3. Organization of supply in the field of medical care must be
improved.
This can be achieved by public and private assistance and encour­
agement for innovations in hospital administration, in the use of
alternative health facilities such as nursing homes, and in more effi­
cient use of available facilities and personnel through such programs
as “ progressive patient care,” group medical practice, and increased
utilization of voluntary workers in health care.
4. Public action is needed to protect particularly vulnerable groups
against the burden of heavy medical expenses.
A Federal program of social health insurance for elderly citizens is
justified by their larger health needs and smaller effective demand
than other segments of the population. These elderly citizens are
poor risks from the point of view of private insurers, but their health
needs are important from a social and humanitarian perspective.

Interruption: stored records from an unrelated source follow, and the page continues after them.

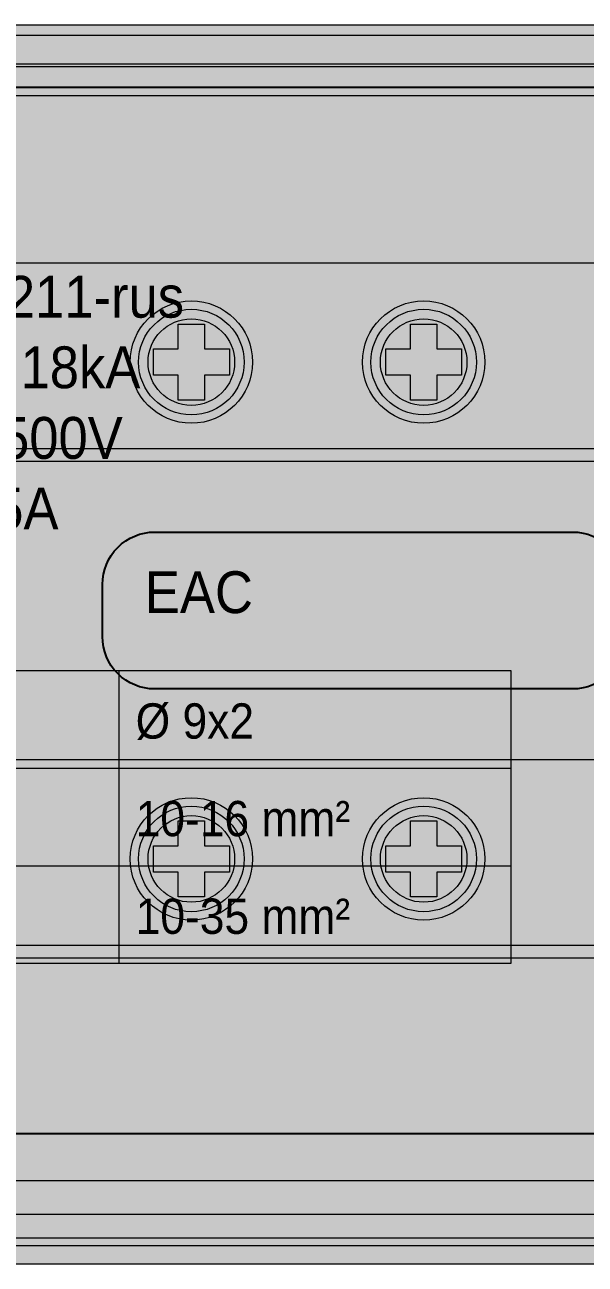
# Model space of a CAD drawing. Header units: millimetres. Extents: x 2517 to 4319, y 573 to 1664.
# Drawn here: x 2762.81 to 2784.25, y 786.89 to 834.29 of the extents above; entities that cross this region are included whole.
import ezdxf

# ---------------------------------------------------------------- set-up
doc = ezdxf.new("R2010")
doc.units = ezdxf.units.MM
for name, color, linetype, lineweight in [('EKF_DETAILS', 7, 'Continuous', 5), ('EKF_FILL', 7, 'Continuous', 5), ('EKF_LABELS', 7, 'Continuous', 5), ('EKF_OUTLINE', 7, 'Continuous', 13), ('EKF_TERMINALS', 7, 'Continuous', 5)]:
    doc.layers.add(name, color=color, linetype=linetype, lineweight=lineweight)
doc.styles.add('EKF_ARIAL', font='arial.ttf')

# ---------------------------------------------------------------- blocks, each defined once
blk = doc.blocks.new('*U7')
at = {"ltscale": 2}
blk.add_lwpolyline([(0, 20), (0, -20), (895.8, -20), (895.8, 20), (0, 20)], dxfattribs=at)
blk.add_lwpolyline([(240.234, 3), (256.234, 3, -0.414214), (258.234, 1), (258.234, -1, -0.414214), (256.234, -3), (240.234, -3, -0.414214), (238.234, -1), (238.234, 1, -0.414214)], format="xyb", close=True, dxfattribs=at)
blk = doc.blocks.new('EKF_CM_2x11')
at = {"layer": 'EKF_FILL', "true_color": 0xe3e8e5}
blk.add_hatch(color=254, dxfattribs=at).paths.add_polyline_path([(105.3, 47.4), (105.611, 47.359), (105.9, 47.239), (106.149, 47.049), (106.339, 46.8), (106.459, 46.511), (106.5, 46.2), (106.5, 1.2), (106.459, 0.889), (106.339, 0.6), (106.149, 0.351), (105.9, 0.161), (105.611, 0.041), (105.3, 0), (1.2, 0), (0.889, 0.041), (0.6, 0.161), (0.351, 0.351), (0.161, 0.6), (0.041, 0.889), (0, 1.2), (0, 46.2), (0.041, 46.511), (0.161, 46.8), (0.351, 47.049), (0.6, 47.239), (0.889, 47.359), (1.2, 47.4)])
at = {"layer": 'EKF_FILL', "true_color": 0x55564e}
blk.add_hatch(color=251, dxfattribs=at).paths.add_polyline_path([(103.3, 47), (103.481, 46.976), (103.65, 46.906), (103.795, 46.795), (103.906, 46.65), (103.976, 46.481), (104, 46.3), (104, 1.4), (103.976, 1.219), (103.906, 1.05), (103.795, 0.905), (103.65, 0.794), (103.481, 0.724), (103.3, 0.7), (3.2, 0.7), (3.019, 0.724), (2.85, 0.794), (2.705, 0.905), (2.594, 1.05), (2.524, 1.219), (2.5, 1.4), (2.5, 46.3), (2.524, 46.481), (2.594, 46.65), (2.705, 46.795), (2.85, 46.906), (3.019, 46.976), (3.2, 47)])
at = {"layer": 'EKF_FILL', "true_color": 0x797c6b}
blk.add_hatch(color=8, dxfattribs=at).paths.add_polyline_path([(3.5, 47), (103, 47), (103, 45.9), (3.5, 45.9)])
at = {"layer": 'EKF_FILL', "true_color": 0x8b8e81}
blk.add_hatch(color=252, dxfattribs=at).paths.add_polyline_path([(3.3, 46.2), (103.2, 46.2), (103.2, 45), (3.3, 45)])
at = {"layer": 'EKF_FILL', "true_color": 0x66665a}
blk.add_hatch(color=251, dxfattribs=at).paths.add_polyline_path([(102.1, 45.8), (102.204, 45.786), (102.3, 45.746), (102.383, 45.683), (102.446, 45.6), (102.486, 45.504), (102.5, 45.4), (102.5, 2.3), (102.486, 2.196), (102.446, 2.1), (102.383, 2.017), (102.3, 1.954), (102.204, 1.914), (102.1, 1.9), (4.4, 1.9), (4.296, 1.914), (4.2, 1.954), (4.117, 2.017), (4.054, 2.1), (4.014, 2.196), (4, 2.3), (4, 45.4), (4.014, 45.504), (4.054, 45.6), (4.117, 45.683), (4.2, 45.746), (4.296, 45.786), (4.4, 45.8)])
at = {"layer": 'EKF_FILL', "true_color": 0x454a40}
blk.add_hatch(color=69, dxfattribs=at).paths.add_polyline_path([(22.45, 39), (84.05, 39), (84.05, 9.5), (22.45, 9.5)])
at = {"layer": 'EKF_FILL', "true_color": 0x8b805d}
for points in [[(100, 38.3), (100.104, 38.286), (100.2, 38.246), (100.283, 38.183), (100.346, 38.1), (100.386, 38.004), (100.4, 37.9), (100.4, 31.1), (100.386, 30.996), (100.346, 30.9), (100.283, 30.817), (100.2, 30.754), (100.104, 30.714), (100, 30.7), (6.5, 30.7), (6.396, 30.714), (6.3, 30.754), (6.217, 30.817), (6.154, 30.9), (6.114, 30.996), (6.1, 31.1), (6.1, 37.9), (6.114, 38.004), (6.154, 38.1), (6.217, 38.183), (6.3, 38.246), (6.396, 38.286), (6.5, 38.3)], [(100, 19.3), (100.104, 19.286), (100.2, 19.246), (100.283, 19.183), (100.346, 19.1), (100.386, 19.004), (100.4, 18.9), (100.4, 12.1), (100.386, 11.996), (100.346, 11.9), (100.283, 11.817), (100.2, 11.754), (100.104, 11.714), (100, 11.7), (6.5, 11.7), (6.396, 11.714), (6.3, 11.754), (6.217, 11.817), (6.154, 11.9), (6.114, 11.996), (6.1, 12.1), (6.1, 18.9), (6.114, 19.004), (6.154, 19.1), (6.217, 19.183), (6.3, 19.246), (6.396, 19.286), (6.5, 19.3)]]:
    blk.add_hatch(color=45, dxfattribs=at).paths.add_polyline_path(points)
at = {"layer": 'EKF_FILL', "true_color": 0xf1f2e8}
blk.add_hatch(color=7, dxfattribs=at).paths.add_polyline_path([(79.25, 38), (76.25, 32), (78.45, 32.9), (76.45, 27), (81.75, 34.5), (79.05, 33.6), (80.75, 38)])
at = {"layer": 'EKF_FILL', "true_color": 0x625f4e}
for points in [[(73.37, 34.5), (73.35, 34.195), (73.29, 33.894), (73.192, 33.605), (73.056, 33.33), (72.886, 33.075), (72.685, 32.845), (72.455, 32.644), (72.2, 32.474), (71.925, 32.338), (71.636, 32.24), (71.335, 32.18), (71.03, 32.16), (70.725, 32.18), (70.424, 32.24), (70.135, 32.338), (69.86, 32.474), (69.605, 32.644), (69.375, 32.845), (69.174, 33.075), (69.004, 33.33), (68.868, 33.605), (68.77, 33.894), (68.71, 34.195), (68.69, 34.5), (68.71, 34.805), (68.77, 35.106), (68.868, 35.395), (69.004, 35.67), (69.174, 35.925), (69.375, 36.155), (69.605, 36.356), (69.86, 36.526), (70.135, 36.662), (70.424, 36.76), (70.725, 36.82), (71.03, 36.84), (71.335, 36.82), (71.636, 36.76), (71.925, 36.662), (72.2, 36.526), (72.455, 36.356), (72.685, 36.155), (72.886, 35.925), (73.056, 35.67), (73.192, 35.395), (73.29, 35.106), (73.35, 34.805)], [(82.26, 34.5), (82.24, 34.195), (82.18, 33.894), (82.082, 33.605), (81.946, 33.33), (81.776, 33.075), (81.575, 32.845), (81.345, 32.644), (81.09, 32.474), (80.815, 32.338), (80.526, 32.24), (80.225, 32.18), (79.92, 32.16), (79.615, 32.18), (79.314, 32.24), (79.025, 32.338), (78.75, 32.474), (78.495, 32.644), (78.265, 32.845), (78.064, 33.075), (77.894, 33.33), (77.758, 33.605), (77.66, 33.894), (77.6, 34.195), (77.58, 34.5), (77.6, 34.805), (77.66, 35.106), (77.758, 35.395), (77.894, 35.67), (78.064, 35.925), (78.265, 36.155), (78.495, 36.356), (78.75, 36.526), (79.025, 36.662), (79.314, 36.76), (79.615, 36.82), (79.92, 36.84), (80.225, 36.82), (80.526, 36.76), (80.815, 36.662), (81.09, 36.526), (81.345, 36.356), (81.575, 36.155), (81.776, 35.925), (81.946, 35.67), (82.082, 35.395), (82.18, 35.106), (82.24, 34.805)], [(73.37, 15.5), (73.35, 15.195), (73.29, 14.894), (73.192, 14.605), (73.056, 14.33), (72.886, 14.075), (72.685, 13.845), (72.455, 13.644), (72.2, 13.474), (71.925, 13.338), (71.636, 13.24), (71.335, 13.18), (71.03, 13.16), (70.725, 13.18), (70.424, 13.24), (70.135, 13.338), (69.86, 13.474), (69.605, 13.644), (69.375, 13.845), (69.174, 14.075), (69.004, 14.33), (68.868, 14.605), (68.77, 14.894), (68.71, 15.195), (68.69, 15.5), (68.71, 15.805), (68.77, 16.106), (68.868, 16.395), (69.004, 16.67), (69.174, 16.925), (69.375, 17.155), (69.605, 17.356), (69.86, 17.526), (70.135, 17.662), (70.424, 17.76), (70.725, 17.82), (71.03, 17.84), (71.335, 17.82), (71.636, 17.76), (71.925, 17.662), (72.2, 17.526), (72.455, 17.356), (72.685, 17.155), (72.886, 16.925), (73.056, 16.67), (73.192, 16.395), (73.29, 16.106), (73.35, 15.805)], [(82.26, 15.5), (82.24, 15.195), (82.18, 14.894), (82.082, 14.605), (81.946, 14.33), (81.776, 14.075), (81.575, 13.845), (81.345, 13.644), (81.09, 13.474), (80.815, 13.338), (80.526, 13.24), (80.225, 13.18), (79.92, 13.16), (79.615, 13.18), (79.314, 13.24), (79.025, 13.338), (78.75, 13.474), (78.495, 13.644), (78.265, 13.845), (78.064, 14.075), (77.894, 14.33), (77.758, 14.605), (77.66, 14.894), (77.6, 15.195), (77.58, 15.5), (77.6, 15.805), (77.66, 16.106), (77.758, 16.395), (77.894, 16.67), (78.064, 16.925), (78.265, 17.155), (78.495, 17.356), (78.75, 17.526), (79.025, 17.662), (79.314, 17.76), (79.615, 17.82), (79.92, 17.84), (80.225, 17.82), (80.526, 17.76), (80.815, 17.662), (81.09, 17.526), (81.345, 17.356), (81.575, 17.155), (81.776, 16.925), (81.946, 16.67), (82.082, 16.395), (82.18, 16.106), (82.24, 15.805)]]:
    blk.add_hatch(color=251, dxfattribs=at).paths.add_polyline_path(points)
at = {"layer": 'EKF_FILL', "true_color": 0x909087}
for points in [[(73.05, 34.5), (73.033, 34.236), (72.981, 33.977), (72.896, 33.727), (72.779, 33.49), (72.633, 33.27), (72.458, 33.072), (72.26, 32.897), (72.04, 32.751), (71.803, 32.634), (71.553, 32.549), (71.294, 32.497), (71.03, 32.48), (70.766, 32.497), (70.507, 32.549), (70.257, 32.634), (70.02, 32.751), (69.8, 32.897), (69.602, 33.072), (69.427, 33.27), (69.281, 33.49), (69.164, 33.727), (69.079, 33.977), (69.027, 34.236), (69.01, 34.5), (69.027, 34.764), (69.079, 35.023), (69.164, 35.273), (69.281, 35.51), (69.427, 35.73), (69.602, 35.928), (69.8, 36.103), (70.02, 36.249), (70.257, 36.366), (70.507, 36.451), (70.766, 36.503), (71.03, 36.52), (71.294, 36.503), (71.553, 36.451), (71.803, 36.366), (72.04, 36.249), (72.26, 36.103), (72.458, 35.928), (72.633, 35.73), (72.779, 35.51), (72.896, 35.273), (72.981, 35.023), (73.033, 34.764)], [(81.94, 34.5), (81.923, 34.236), (81.871, 33.977), (81.786, 33.727), (81.669, 33.49), (81.523, 33.27), (81.348, 33.072), (81.15, 32.897), (80.93, 32.751), (80.693, 32.634), (80.443, 32.549), (80.184, 32.497), (79.92, 32.48), (79.656, 32.497), (79.397, 32.549), (79.147, 32.634), (78.91, 32.751), (78.69, 32.897), (78.492, 33.072), (78.317, 33.27), (78.171, 33.49), (78.054, 33.727), (77.969, 33.977), (77.917, 34.236), (77.9, 34.5), (77.917, 34.764), (77.969, 35.023), (78.054, 35.273), (78.171, 35.51), (78.317, 35.73), (78.492, 35.928), (78.69, 36.103), (78.91, 36.249), (79.147, 36.366), (79.397, 36.451), (79.656, 36.503), (79.92, 36.52), (80.184, 36.503), (80.443, 36.451), (80.693, 36.366), (80.93, 36.249), (81.15, 36.103), (81.348, 35.928), (81.523, 35.73), (81.669, 35.51), (81.786, 35.273), (81.871, 35.023), (81.923, 34.764)], [(73.05, 15.5), (73.033, 15.236), (72.981, 14.977), (72.896, 14.727), (72.779, 14.49), (72.633, 14.27), (72.458, 14.072), (72.26, 13.897), (72.04, 13.751), (71.803, 13.634), (71.553, 13.549), (71.294, 13.497), (71.03, 13.48), (70.766, 13.497), (70.507, 13.549), (70.257, 13.634), (70.02, 13.751), (69.8, 13.897), (69.602, 14.072), (69.427, 14.27), (69.281, 14.49), (69.164, 14.727), (69.079, 14.977), (69.027, 15.236), (69.01, 15.5), (69.027, 15.764), (69.079, 16.023), (69.164, 16.273), (69.281, 16.51), (69.427, 16.73), (69.602, 16.928), (69.8, 17.103), (70.02, 17.249), (70.257, 17.366), (70.507, 17.451), (70.766, 17.503), (71.03, 17.52), (71.294, 17.503), (71.553, 17.451), (71.803, 17.366), (72.04, 17.249), (72.26, 17.103), (72.458, 16.928), (72.633, 16.73), (72.779, 16.51), (72.896, 16.273), (72.981, 16.023), (73.033, 15.764)], [(81.94, 15.5), (81.923, 15.236), (81.871, 14.977), (81.786, 14.727), (81.669, 14.49), (81.523, 14.27), (81.348, 14.072), (81.15, 13.897), (80.93, 13.751), (80.693, 13.634), (80.443, 13.549), (80.184, 13.497), (79.92, 13.48), (79.656, 13.497), (79.397, 13.549), (79.147, 13.634), (78.91, 13.751), (78.69, 13.897), (78.492, 14.072), (78.317, 14.27), (78.171, 14.49), (78.054, 14.727), (77.969, 14.977), (77.917, 15.236), (77.9, 15.5), (77.917, 15.764), (77.969, 16.023), (78.054, 16.273), (78.171, 16.51), (78.317, 16.73), (78.492, 16.928), (78.69, 17.103), (78.91, 17.249), (79.147, 17.366), (79.397, 17.451), (79.656, 17.503), (79.92, 17.52), (80.184, 17.503), (80.443, 17.451), (80.693, 17.366), (80.93, 17.249), (81.15, 17.103), (81.348, 16.928), (81.523, 16.73), (81.669, 16.51), (81.786, 16.273), (81.871, 16.023), (81.923, 15.764)]]:
    blk.add_hatch(color=252, dxfattribs=at).paths.add_polyline_path(points)
at = {"layer": 'EKF_FILL', "true_color": 0x797d75}
for points in [[(72.686, 34.5), (72.672, 34.284), (72.63, 34.071), (72.56, 33.866), (72.464, 33.672), (72.344, 33.492), (72.201, 33.329), (72.038, 33.186), (71.858, 33.066), (71.664, 32.97), (71.459, 32.9), (71.246, 32.858), (71.03, 32.844), (70.814, 32.858), (70.601, 32.9), (70.396, 32.97), (70.202, 33.066), (70.022, 33.186), (69.859, 33.329), (69.716, 33.492), (69.596, 33.672), (69.5, 33.866), (69.43, 34.071), (69.388, 34.284), (69.374, 34.5), (69.388, 34.716), (69.43, 34.929), (69.5, 35.134), (69.596, 35.328), (69.716, 35.508), (69.859, 35.671), (70.022, 35.814), (70.202, 35.934), (70.396, 36.03), (70.601, 36.1), (70.814, 36.142), (71.03, 36.156), (71.246, 36.142), (71.459, 36.1), (71.664, 36.03), (71.858, 35.934), (72.038, 35.814), (72.201, 35.671), (72.344, 35.508), (72.464, 35.328), (72.56, 35.134), (72.63, 34.929), (72.672, 34.716)], [(81.576, 34.5), (81.562, 34.284), (81.52, 34.071), (81.45, 33.866), (81.354, 33.672), (81.234, 33.492), (81.091, 33.329), (80.928, 33.186), (80.748, 33.066), (80.554, 32.97), (80.349, 32.9), (80.136, 32.858), (79.92, 32.844), (79.704, 32.858), (79.491, 32.9), (79.286, 32.97), (79.092, 33.066), (78.912, 33.186), (78.749, 33.329), (78.606, 33.492), (78.486, 33.672), (78.39, 33.866), (78.32, 34.071), (78.278, 34.284), (78.264, 34.5), (78.278, 34.716), (78.32, 34.929), (78.39, 35.134), (78.486, 35.328), (78.606, 35.508), (78.749, 35.671), (78.912, 35.814), (79.092, 35.934), (79.286, 36.03), (79.491, 36.1), (79.704, 36.142), (79.92, 36.156), (80.136, 36.142), (80.349, 36.1), (80.554, 36.03), (80.748, 35.934), (80.928, 35.814), (81.091, 35.671), (81.234, 35.508), (81.354, 35.328), (81.45, 35.134), (81.52, 34.929), (81.562, 34.716)], [(72.686, 15.5), (72.672, 15.284), (72.63, 15.071), (72.56, 14.866), (72.464, 14.672), (72.344, 14.492), (72.201, 14.329), (72.038, 14.186), (71.858, 14.066), (71.664, 13.97), (71.459, 13.9), (71.246, 13.858), (71.03, 13.844), (70.814, 13.858), (70.601, 13.9), (70.396, 13.97), (70.202, 14.066), (70.022, 14.186), (69.859, 14.329), (69.716, 14.492), (69.596, 14.672), (69.5, 14.866), (69.43, 15.071), (69.388, 15.284), (69.374, 15.5), (69.388, 15.716), (69.43, 15.929), (69.5, 16.134), (69.596, 16.328), (69.716, 16.508), (69.859, 16.671), (70.022, 16.814), (70.202, 16.934), (70.396, 17.03), (70.601, 17.1), (70.814, 17.142), (71.03, 17.156), (71.246, 17.142), (71.459, 17.1), (71.664, 17.03), (71.858, 16.934), (72.038, 16.814), (72.201, 16.671), (72.344, 16.508), (72.464, 16.328), (72.56, 16.134), (72.63, 15.929), (72.672, 15.716)], [(81.576, 15.5), (81.562, 15.284), (81.52, 15.071), (81.45, 14.866), (81.354, 14.672), (81.234, 14.492), (81.091, 14.329), (80.928, 14.186), (80.748, 14.066), (80.554, 13.97), (80.349, 13.9), (80.136, 13.858), (79.92, 13.844), (79.704, 13.858), (79.491, 13.9), (79.286, 13.97), (79.092, 14.066), (78.912, 14.186), (78.749, 14.329), (78.606, 14.492), (78.486, 14.672), (78.39, 14.866), (78.32, 15.071), (78.278, 15.284), (78.264, 15.5), (78.278, 15.716), (78.32, 15.929), (78.39, 16.134), (78.486, 16.328), (78.606, 16.508), (78.749, 16.671), (78.912, 16.814), (79.092, 16.934), (79.286, 17.03), (79.491, 17.1), (79.704, 17.142), (79.92, 17.156), (80.136, 17.142), (80.349, 17.1), (80.554, 17.03), (80.748, 16.934), (80.928, 16.814), (81.091, 16.671), (81.234, 16.508), (81.354, 16.328), (81.45, 16.134), (81.52, 15.929), (81.562, 15.716)]]:
    blk.add_hatch(color=8, dxfattribs=at).paths.add_polyline_path(points)
at = {"layer": 'EKF_FILL', "true_color": 0x40473f}
for points in [[(70.525, 35.954), (71.535, 35.954), (71.535, 35.005), (72.484, 35.005), (72.484, 33.995), (71.535, 33.995), (71.535, 33.046), (70.525, 33.046), (70.525, 33.995), (69.576, 33.995), (69.576, 35.005), (70.525, 35.005)], [(79.415, 35.954), (80.425, 35.954), (80.425, 35.005), (81.374, 35.005), (81.374, 33.995), (80.425, 33.995), (80.425, 33.046), (79.415, 33.046), (79.415, 33.995), (78.466, 33.995), (78.466, 35.005), (79.415, 35.005)], [(70.525, 16.954), (71.535, 16.954), (71.535, 16.005), (72.484, 16.005), (72.484, 14.995), (71.535, 14.995), (71.535, 14.046), (70.525, 14.046), (70.525, 14.995), (69.576, 14.995), (69.576, 16.005), (70.525, 16.005)], [(79.415, 16.954), (80.425, 16.954), (80.425, 16.005), (81.374, 16.005), (81.374, 14.995), (80.425, 14.995), (80.425, 14.046), (79.415, 14.046), (79.415, 14.995), (78.466, 14.995), (78.466, 16.005), (79.415, 16.005)]]:
    blk.add_hatch(color=69, dxfattribs=at).paths.add_polyline_path(points)
at = {"layer": 'EKF_FILL', "true_color": 0x383e35}
blk.add_hatch(color=250, dxfattribs=at).paths.add_polyline_path([(3.1, 3), (103.4, 3), (103.4, 1.5), (3.1, 1.5)])
at = {"layer": 'EKF_DETAILS', "color": 253, "lineweight": 5, "true_color": 0xacafa4}
blk.add_line((4, 44.7), (102.5, 44.7), dxfattribs=at)
at = {"layer": 'EKF_DETAILS', "color": 254, "lineweight": 5, "true_color": 0xe7eae0}
for p, q in [((68.25, 22.7), (68.25, 11.5)), ((23.25, 18.967), (83.25, 18.967)), ((23.25, 15.233), (83.25, 15.233))]:
    blk.add_line(p, q, dxfattribs=at)
at = {"layer": 'EKF_DETAILS', "color": 252, "lineweight": 5, "true_color": 0x9a9d8e}
blk.add_line((4, 3.2), (102.5, 3.2), dxfattribs=at)
at = {"layer": 'EKF_DETAILS', "color": 250, "lineweight": 5, "true_color": 0x282d29}
blk.add_lwpolyline([(103.3, 0.7), (3.2, 0.7), (3.019, 0.724), (2.85, 0.794), (2.705, 0.905), (2.594, 1.05), (2.524, 1.219), (2.5, 1.4), (2.5, 46.3), (2.524, 46.481), (2.594, 46.65), (2.705, 46.795), (2.85, 46.906), (3.019, 46.976), (3.2, 47), (103.3, 47)], dxfattribs=at)
at = {"layer": 'EKF_DETAILS', "color": 250, "lineweight": 5, "true_color": 0x30372f}
blk.add_lwpolyline([(103.2, 1), (3.3, 1), (3.132, 1.022), (2.975, 1.087), (2.84, 1.19), (2.737, 1.325), (2.672, 1.482), (2.65, 1.65), (2.65, 46.35), (2.672, 46.518), (2.737, 46.675), (2.84, 46.81), (2.975, 46.913), (3.132, 46.978), (3.3, 47), (103.2, 47)], dxfattribs=at)
at = {"layer": 'EKF_DETAILS', "color": 250, "lineweight": 5, "true_color": 0x373e31}
blk.add_lwpolyline([(3.5, 47), (103, 47), (103, 45.9), (3.5, 45.9)], close=True, dxfattribs=at)
at = {"layer": 'EKF_DETAILS', "color": 252, "lineweight": 5, "true_color": 0x8e9188}
blk.add_lwpolyline([(102.1, 1.9), (4.4, 1.9), (4.296, 1.914), (4.2, 1.954), (4.117, 2.017), (4.054, 2.1), (4.014, 2.196), (4, 2.3), (4, 45.4), (4.014, 45.504), (4.054, 45.6), (4.117, 45.683), (4.2, 45.746), (4.296, 45.786), (4.4, 45.8), (102.1, 45.8)], dxfattribs=at)
at = {"layer": 'EKF_DETAILS', "color": 254, "lineweight": 5, "true_color": 0xe7eae0}
blk.add_lwpolyline([(23.25, 22.7), (83.25, 22.7), (83.25, 11.5), (23.25, 11.5)], close=True, dxfattribs=at)
at = {"layer": 'EKF_OUTLINE', "color": 250, "lineweight": 13, "true_color": 0x303733}
blk.add_lwpolyline([(105.3, 0), (1.2, 0), (0.889, 0.041), (0.6, 0.161), (0.351, 0.351), (0.161, 0.6), (0.041, 0.889), (0, 1.2), (0, 46.2), (0.041, 46.511), (0.161, 46.8), (0.351, 47.049), (0.6, 47.239), (0.889, 47.359), (1.2, 47.4), (105.3, 47.4)], dxfattribs=at)
at = {"layer": 'EKF_TERMINALS', "color": 33, "lineweight": 5, "true_color": 0xb1a078}
for p, q in [((6.6, 31.2), (99.9, 31.2)), ((6.6, 12.2), (99.9, 12.2))]:
    blk.add_line(p, q, dxfattribs=at)
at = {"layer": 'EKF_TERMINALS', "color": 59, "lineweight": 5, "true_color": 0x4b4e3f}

Other possibilities are direct assistance or federally aided private
insurance.
Crippled and handicapped children create tremendous financial
burdens for low- and middle-income families. Private voluntary and
philanthropic assistance to ease the burden of such disabilities must
be supplemented with greater public support.
Low-income families have great difficulty in financing their medical
care needs adequately. Continued private and public efforts to meet
the needs of this group are necessary. The inability of low-income
families to finance their medical care needs adequately imposes a
heavy financial burden on private philanthropic sources of funds.
To enable these families to get the medical care they need, public
efforts by State and local governments must be supplemented with
greater Federal support.
To summarize—Federal support and leadership is essential for
cooperative action by States, communities, and private groups to
insure adequacy in the supply of medical care.